Flattening Nested Arrays
When assembling an array from multiple sources you may end up with an array of arrays when you actually wanted a single unified array. This is where the built-in flatten
function comes in.
The flatten
function takes an array as an input, and if it contains other arrays, it replaces them with their entries in the output array. The function applies this logic recursively, so if your array contains arrays which contain arrays, it will still flatten them all out to a single array of all the values.
jq -nc '[1, [2, 3], [4, [5, 6]]] | flatten'
# outputs [1,2,3,4,5,6]
By default, the flatten function will keep recursing down into all nested arrays, but you can pass an optional argument to limit how deep it goes. To see what this means, let’s repeat our above example with limits of 2 and 1:
# limit to a depth of 2
# arrays in the input array, and arrays in arrays in the input array
jq -nc '[1, [2, 3], [4, [5, 6]]] | flatten(2)'
# outputs [1,2,3,4,5,6]
# limit to a depth of 1
# arrays in the input array only
jq -nc '[1, [2, 3], [4, [5, 6]]] | flatten(1)'
# outputs [1,2,3,4,[5,6]]
Dictionary Manipulation
Adding and Removing Keys
As mentioned earlier, the +
operator is overloaded for handling dictionaries. When two dictionaries are added together, a new dictionary is created containing the keys and values from both. If both input dictionaries define a value for the same key, the value from the dictionary on the right of the +
operator is used.
If the dictionaries contain dictionaries, a recursive merge can be done by using the *
operator instead of the +
operator.
You might imagine a key could somehow be removed with an overloaded subtraction operator, but alas not, we need to use the built-in del
function for that. This function requires a dictionary as the input and a key path as an argument. For example, we could remove the stock key from each item in our menu (menu.json
from the instalment ZIP) with:
jq '[.[] | del(.stock)]' menu.json
Which returns:
[
{
"name": "hotdogs",
"price": 5.99
},
{
"name": "pancakes",
"price": 3.10
},
{
"name": "waffles",
"price": 7.50
}
]
Note that the entire filter chain is wrapped in square braces to reassemble the exploded array
An Optional Challenge
Build an alphabetical sorted list with the names of all laureates. The list should not contain duplicates, and it should use sensible display names as per the previous challenge.

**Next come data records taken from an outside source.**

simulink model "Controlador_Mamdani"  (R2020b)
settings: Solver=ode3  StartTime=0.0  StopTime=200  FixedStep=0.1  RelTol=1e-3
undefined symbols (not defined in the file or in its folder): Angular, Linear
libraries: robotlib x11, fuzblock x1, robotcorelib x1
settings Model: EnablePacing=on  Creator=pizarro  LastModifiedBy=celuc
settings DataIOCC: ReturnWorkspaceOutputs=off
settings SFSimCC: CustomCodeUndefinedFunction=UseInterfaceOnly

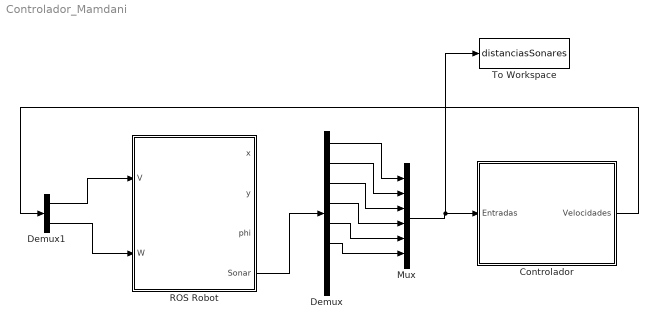
== system Controlador_Mamdani ==
  Controlador : Subsystem
  Demux : Demux  Outputs=8
  Demux1 : Demux  Outputs=2
  Mux : Mux  Inputs=6
  ROS Robot : Subsystem
  To Workspace : ToWorkspace  VariableName=distanciasSonares  SaveFormat=Structure With Time  SampleTime=-1
  wires:
  ROS Robot/4(Sonar) -> Demux/1
  Mux/1 -> To Workspace/1, Controlador/1(Entradas)
  Demux/1 -> Mux/1
  Demux/3 -> Mux/3
  Demux/4 -> Mux/4
  Demux/6 -> Mux/6
  Demux1/1 -> ROS Robot/1(V)
  Demux1/2 -> ROS Robot/2(W)
  Controlador/1(Velocidades) -> Demux1/1
  Demux/5 -> Mux/5
  Demux/2 -> Mux/2

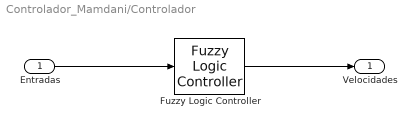
== system Controlador_Mamdani/Controlador ==
  Entradas : Inport
  Fuzzy Logic Controller : fuzblock/Fuzzy Logic  Controller  FIS='ControladorMamdani.fis'  OutputSampleNumber=101  DataType=double  FuzzifiedInputs=off  RuleFiringStrengths=off  RuleOutputs=off  AggregatedOutputs=off  SimulateUsing=Interpreted execution  OutOfRangeInputValueMessage=warning  NoRuleFiredMessage=warning  EmptyOutputFuzzySetMessage=warning
  Velocidades : Outport  VectorParamsAs1DForOutWhenUnconnected=off
  wires:
  Fuzzy Logic Controller/1 -> Velocidades/1
  Entradas/1 -> Fuzzy Logic Controller/1

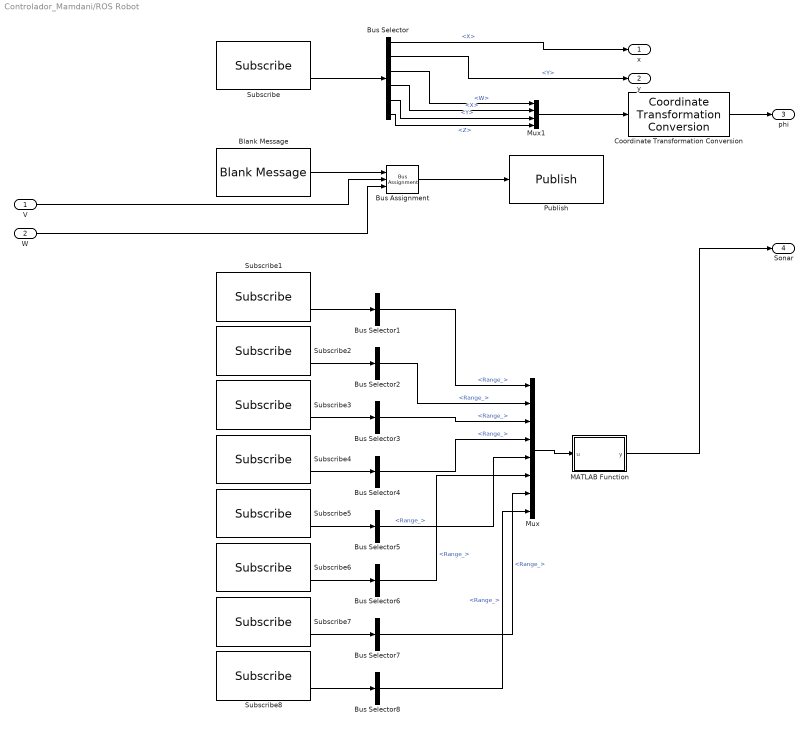
== system Controlador_Mamdani/ROS Robot ==
  V : Inport
  W : Inport  Port=2
  Blank Message : robotlib/Blank Message  messageClass=Message  entityType=geometry_msgs/Twist  messageType=geometry_msgs/Twist  SampleTime=-1  legacyBusStruct=off
  Bus Assignment : BusAssignment  AssignedSignals=Linear.X,Angular.Z
  Bus Selector : BusSelector  OutputSignals=Pose.Pose.Position.X,Pose.Pose.Position.Y,Pose.Pose.Orientation.W,Pose.Pose.Orientation.X,Pose.Pose.Orientation.Y,Pose.Pose.Orientation.Z
  Bus Selector{1..8} (8 alike) : BusSelector  OutputSignals=Range_
  Coordinate Transformation Conversion : robotcorelib/Coordinate Transformation Conversion  InputRepresentation=Quaternion  InputEulerSequence=ZYX  ShowTrVecInputPort=on  OutputRepresentation=Euler Angles  OutputEulerSequence=ZYX  ShowTrVecOutputPort=on  SimulateUsing=Interpreted execution
      settings: SourceProductBaseCode=NV,RO,RR,UV
  MATLAB Function : MATLAB Function  TreatAsAtomicUnit=on
  Mux : Mux  Inputs=8
  Mux1 : Mux
  Publish : robotlib/Publish  topicSource=Select from ROS network  topic=/robot0/cmd_vel  messageType=geometry_msgs/Twist  legacyBusStruct=off  messageQueueLength=1
  Subscribe : robotlib/Subscribe  topicSource=Select from ROS network  topic=/robot0/odom  messageType=nav_msgs/Odometry  SampleTime=-1  legacyBusStruct=off  messageQueueLength=1
  Subscribe1 : robotlib/Subscribe  topicSource=Select from ROS network  topic=/robot0/sonar_0  messageType=sensor_msgs/Range  SampleTime=-1  legacyBusStruct=off  messageQueueLength=1
  Subscribe2 : robotlib/Subscribe  topicSource=Select from ROS network  topic=/robot0/sonar_1  messageType=sensor_msgs/Range  SampleTime=-1  legacyBusStruct=off  messageQueueLength=1
  Subscribe3 : robotlib/Subscribe  topicSource=Select from ROS network  topic=/robot0/sonar_2  messageType=sensor_msgs/Range  SampleTime=-1  legacyBusStruct=off  messageQueueLength=1
  Subscribe4 : robotlib/Subscribe  topicSource=Select from ROS network  topic=/robot0/sonar_3  messageType=sensor_msgs/Range  SampleTime=-1  legacyBusStruct=off  messageQueueLength=1
  Subscribe5 : robotlib/Subscribe  topicSource=Select from ROS network  topic=/robot0/sonar_4  messageType=sensor_msgs/Range  SampleTime=-1  legacyBusStruct=off  messageQueueLength=1
  Subscribe6 : robotlib/Subscribe  topicSource=Select from ROS network  topic=/robot0/sonar_5  messageType=sensor_msgs/Range  SampleTime=-1  legacyBusStruct=off  messageQueueLength=1
  Subscribe7 : robotlib/Subscribe  topicSource=Select from ROS network  topic=/robot0/sonar_6  messageType=sensor_msgs/Range  SampleTime=-1  legacyBusStruct=off  messageQueueLength=1
  Subscribe8 : robotlib/Subscribe  topicSource=Select from ROS network  topic=/robot0/sonar_7  messageType=sensor_msgs/Range  SampleTime=-1  legacyBusStruct=off  messageQueueLength=1
  x : Outport  VectorParamsAs1DForOutWhenUnconnected=off
  y : Outport  Port=2  VectorParamsAs1DForOutWhenUnconnected=off
  phi : Outport  Port=3  VectorParamsAs1DForOutWhenUnconnected=off
  Sonar : Outport  Port=4  VectorParamsAs1DForOutWhenUnconnected=off
  wires:
  Bus Selector/1 -> x/1  "<X>"
  Blank Message/1 -> Bus Assignment/1
  Subscribe/2 -> Bus Selector/1
  Bus Assignment/1 -> Publish/1
  Bus Selector/2 -> y/1  "<Y>"
  Subscribe1/2 -> Bus Selector1/1
  V/1 -> Bus Assignment/2
  W/1 -> Bus Assignment/3
  Subscribe2/2 -> Bus Selector2/1
  Subscribe3/2 -> Bus Selector3/1
  Subscribe5/2 -> Bus Selector5/1
  Subscribe4/2 -> Bus Selector4/1
  Subscribe6/2 -> Bus Selector6/1
  Subscribe7/2 -> Bus Selector7/1
  Bus Selector1/1 -> Mux/1  "<Range_>"
  Bus Selector2/1 -> Mux/2  "<Range_>"
  Bus Selector3/1 -> Mux/3  "<Range_>"
  Bus Selector4/1 -> Mux/4  "<Range_>"
  Bus Selector5/1 -> Mux/5  "<Range_>"
  Bus Selector6/1 -> Mux/6  "<Range_>"
  Bus Selector7/1 -> Mux/7  "<Range_>"
  Subscribe8/2 -> Bus Selector8/1
  Bus Selector8/1 -> Mux/8  "<Range_>"
  Bus Selector/3 -> Mux1/1  "<W>"
  Bus Selector/4 -> Mux1/2  "<X>"
  Bus Selector/5 -> Mux1/3  "<Y>"
  Bus Selector/6 -> Mux1/4  "<Z>"
  Mux1/1 -> Coordinate Transformation Conversion/1
  Coordinate Transformation Conversion/1 -> phi/1
  Mux/1 -> MATLAB Function/1(u)
  MATLAB Function/1(y) -> Sonar/1

== matlab function Controlador_Mamdani/ROS Robot/MATLAB Function ==
  data: u input; y output
function y = fcn(u)
u(isinf(u))=5.0;
y = u;

For bonus credit, can you sort the list so humans get sorted on surname rather than first name, but without affecting how each name is displayed?
Final Thoughts
We’re making good progress learning about jq’s data manipulation operators and functions. We’ve now covered the basics — math, assignment, string manipulation, array manipulation, and dictionary manipulation. The next two instalments will each be dedicated to just a single concept each. The next instalment will be dedicated to working with a special subset of dictionaries we’ll be referring to as lookups, focusing on jq’s two functions for building and disassembling them. That will be followed by an instalment dedicated to in-place array and dictionary manipulation — no more exploding and then reassembling our arrays!